(RECORDED DATA begins)

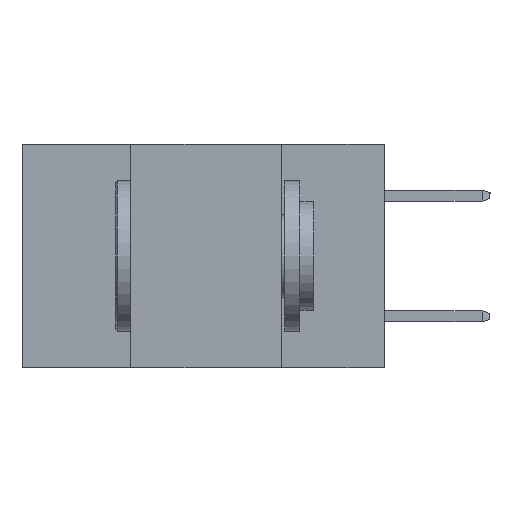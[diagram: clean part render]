
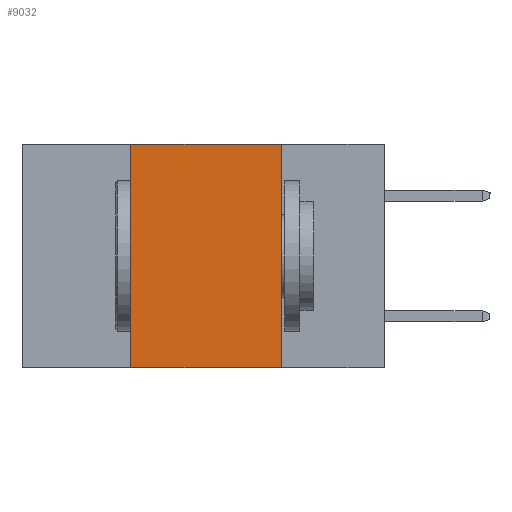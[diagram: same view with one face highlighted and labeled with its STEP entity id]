
A CAD part, left-side view. The second image highlights one B-rep face of the part: STEP entity #9032.
In plain terms, the highlighted planar face has unit normal (-1, 0, 0).
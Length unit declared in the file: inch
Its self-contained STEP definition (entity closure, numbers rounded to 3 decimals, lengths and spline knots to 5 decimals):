
#344 = EDGE_CURVE ( 'NONE', #13757, #4914, #24177, .T. ) ;
#2813 = LINE ( 'NONE', #18828, #14760 ) ;
#3458 = ORIENTED_EDGE ( 'NONE', *, *, #344, .F. ) ;
#4528 = EDGE_LOOP ( 'NONE', ( #3458, #24082, #25008, #17402 ) ) ;
#4914 = VERTEX_POINT ( 'NONE', #7693 ) ;
#5371 = EDGE_CURVE ( 'NONE', #16054, #18573, #15591, .T. ) ;
#7693 = CARTESIAN_POINT ( 'NONE',  ( 0., 0.17, -0.37 ) ) ;
#8412 = EDGE_CURVE ( 'NONE', #18573, #13757, #8443, .T. ) ;
#8443 = LINE ( 'NONE', #14322, #23904 ) ;
#9032 = ADVANCED_FACE ( 'NONE', ( #20549 ), #20806, .F. ) ;
#9838 = CARTESIAN_POINT ( 'NONE',  ( 0., 0.17, 0. ) ) ;
#9966 = CARTESIAN_POINT ( 'NONE',  ( 0., 0.42, -0.37 ) ) ;
#10654 = DIRECTION ( 'NONE',  ( 0., -1., 0. ) ) ;
#10871 = AXIS2_PLACEMENT_3D ( 'NONE', #15052, #12640, #18394 ) ;
#11417 = EDGE_CURVE ( 'NONE', #16054, #4914, #2813, .T. ) ;
#12640 = DIRECTION ( 'NONE',  ( 1., 0., 0. ) ) ;
#13757 = VERTEX_POINT ( 'NONE', #9838 ) ;
#14322 = CARTESIAN_POINT ( 'NONE',  ( 0., 0.6, 0. ) ) ;
#14760 = VECTOR ( 'NONE', #10654, 39.37008 ) ;
#15052 = CARTESIAN_POINT ( 'NONE',  ( 0., 0.6, 0. ) ) ;
#15354 = DIRECTION ( 'NONE',  ( 0., 0., 1. ) ) ;
#15591 = LINE ( 'NONE', #9966, #16507 ) ;
#16054 = VERTEX_POINT ( 'NONE', #24900 ) ;
#16244 = DIRECTION ( 'NONE',  ( 0., -1., 0. ) ) ;
#16249 = DIRECTION ( 'NONE',  ( 0., 0., -1. ) ) ;
#16366 = CARTESIAN_POINT ( 'NONE',  ( 0., 0.17, -0.37 ) ) ;
#16507 = VECTOR ( 'NONE', #15354, 39.37008 ) ;
#17105 = VECTOR ( 'NONE', #16249, 39.37008 ) ;
#17402 = ORIENTED_EDGE ( 'NONE', *, *, #11417, .T. ) ;
#18394 = DIRECTION ( 'NONE',  ( 0., 0., -1. ) ) ;
#18573 = VERTEX_POINT ( 'NONE', #19881 ) ;
#18828 = CARTESIAN_POINT ( 'NONE',  ( 0., 0.6, -0.37 ) ) ;
#19881 = CARTESIAN_POINT ( 'NONE',  ( 0., 0.42, 0. ) ) ;
#20549 = FACE_OUTER_BOUND ( 'NONE', #4528, .T. ) ;
#20806 = PLANE ( 'NONE',  #10871 ) ;
#23904 = VECTOR ( 'NONE', #16244, 39.37008 ) ;
#24082 = ORIENTED_EDGE ( 'NONE', *, *, #8412, .F. ) ;
#24177 = LINE ( 'NONE', #16366, #17105 ) ;
#24900 = CARTESIAN_POINT ( 'NONE',  ( 0., 0.42, -0.37 ) ) ;
#25008 = ORIENTED_EDGE ( 'NONE', *, *, #5371, .F. ) ;
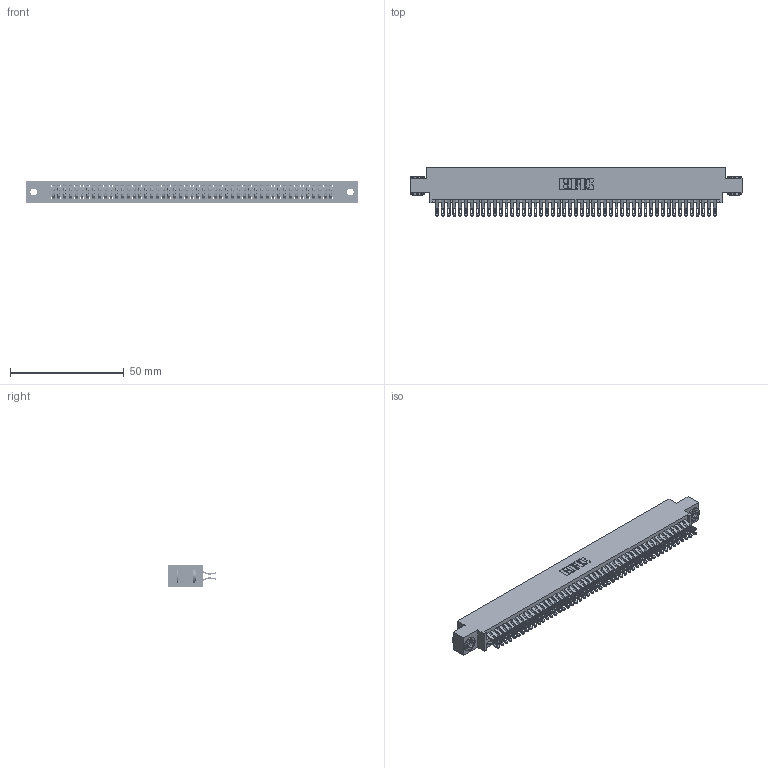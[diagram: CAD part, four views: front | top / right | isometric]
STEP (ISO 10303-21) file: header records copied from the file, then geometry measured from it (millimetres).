
FILE_DESCRIPTION (( 'STEP AP203' ), '1' );
FILE_NAME ('395-098-555-803.STEP', '2018-11-29T21:46:09', ( '' ), ( '' ), 'SwSTEP 2.0', 'SolidWorks 2016', '' );
FILE_SCHEMA (( 'CONFIG_CONTROL_DESIGN' ));
Length unit declared in the file: inch
Products named in the file (4): 345-250-002_345-250-002-102; 345 Part_0.170 Offset - 0.156 Dia-TH; 345-292-001_555 Tail; 395-098-555-803
Assembly tree (101 placements, depth 2):
  395-098-555-803
    345 Part_0.170 Offset - 0.156 Dia-TH
    345-292-001_555 Tail  x98
    345-250-002_345-250-002-102  x2
Bounding box: 145.67 x 21.13 x 9.4 mm (x, y, z)
Volume: 14405.7 mm3; surface area: 22766.6 mm2
Topology: 101 solids, 101 shells, 5656 faces, 17775 edges, 11846 vertices
Faces by surface type: plane 3132, cylinder 2516, cone 8
Entity records: 38612 total; most frequent: CARTESIAN_POINT 6477, ORIENTED_EDGE 6374, DIRECTION 5701, EDGE_CURVE 3187, LINE 2815, VECTOR 2815, VERTEX_POINT 2122, AXIS2_PLACEMENT_3D 1443

(RECORDED DATA ends)

I'd like the lines above from the one with "#7693 = CARTESIAN_POINT" up to and including the one with "#18573 = VERTEX_POINT ( 'NONE', #19881 ) ;" copied exactly, with no other lines.

#7693 = CARTESIAN_POINT ( 'NONE',  ( 0., 0.17, -0.37 ) ) ;
#8412 = EDGE_CURVE ( 'NONE', #18573, #13757, #8443, .T. ) ;
#8443 = LINE ( 'NONE', #14322, #23904 ) ;
#9032 = ADVANCED_FACE ( 'NONE', ( #20549 ), #20806, .F. ) ;
#9838 = CARTESIAN_POINT ( 'NONE',  ( 0., 0.17, 0. ) ) ;
#9966 = CARTESIAN_POINT ( 'NONE',  ( 0., 0.42, -0.37 ) ) ;
#10654 = DIRECTION ( 'NONE',  ( 0., -1., 0. ) ) ;
#10871 = AXIS2_PLACEMENT_3D ( 'NONE', #15052, #12640, #18394 ) ;
#11417 = EDGE_CURVE ( 'NONE', #16054, #4914, #2813, .T. ) ;
#12640 = DIRECTION ( 'NONE',  ( 1., 0., 0. ) ) ;
#13757 = VERTEX_POINT ( 'NONE', #9838 ) ;
#14322 = CARTESIAN_POINT ( 'NONE',  ( 0., 0.6, 0. ) ) ;
#14760 = VECTOR ( 'NONE', #10654, 39.37008 ) ;
#15052 = CARTESIAN_POINT ( 'NONE',  ( 0., 0.6, 0. ) ) ;
#15354 = DIRECTION ( 'NONE',  ( 0., 0., 1. ) ) ;
#15591 = LINE ( 'NONE', #9966, #16507 ) ;
#16054 = VERTEX_POINT ( 'NONE', #24900 ) ;
#16244 = DIRECTION ( 'NONE',  ( 0., -1., 0. ) ) ;
#16249 = DIRECTION ( 'NONE',  ( 0., 0., -1. ) ) ;
#16366 = CARTESIAN_POINT ( 'NONE',  ( 0., 0.17, -0.37 ) ) ;
#16507 = VECTOR ( 'NONE', #15354, 39.37008 ) ;
#17105 = VECTOR ( 'NONE', #16249, 39.37008 ) ;
#17402 = ORIENTED_EDGE ( 'NONE', *, *, #11417, .T. ) ;
#18394 = DIRECTION ( 'NONE',  ( 0., 0., -1. ) ) ;
#18573 = VERTEX_POINT ( 'NONE', #19881 ) ;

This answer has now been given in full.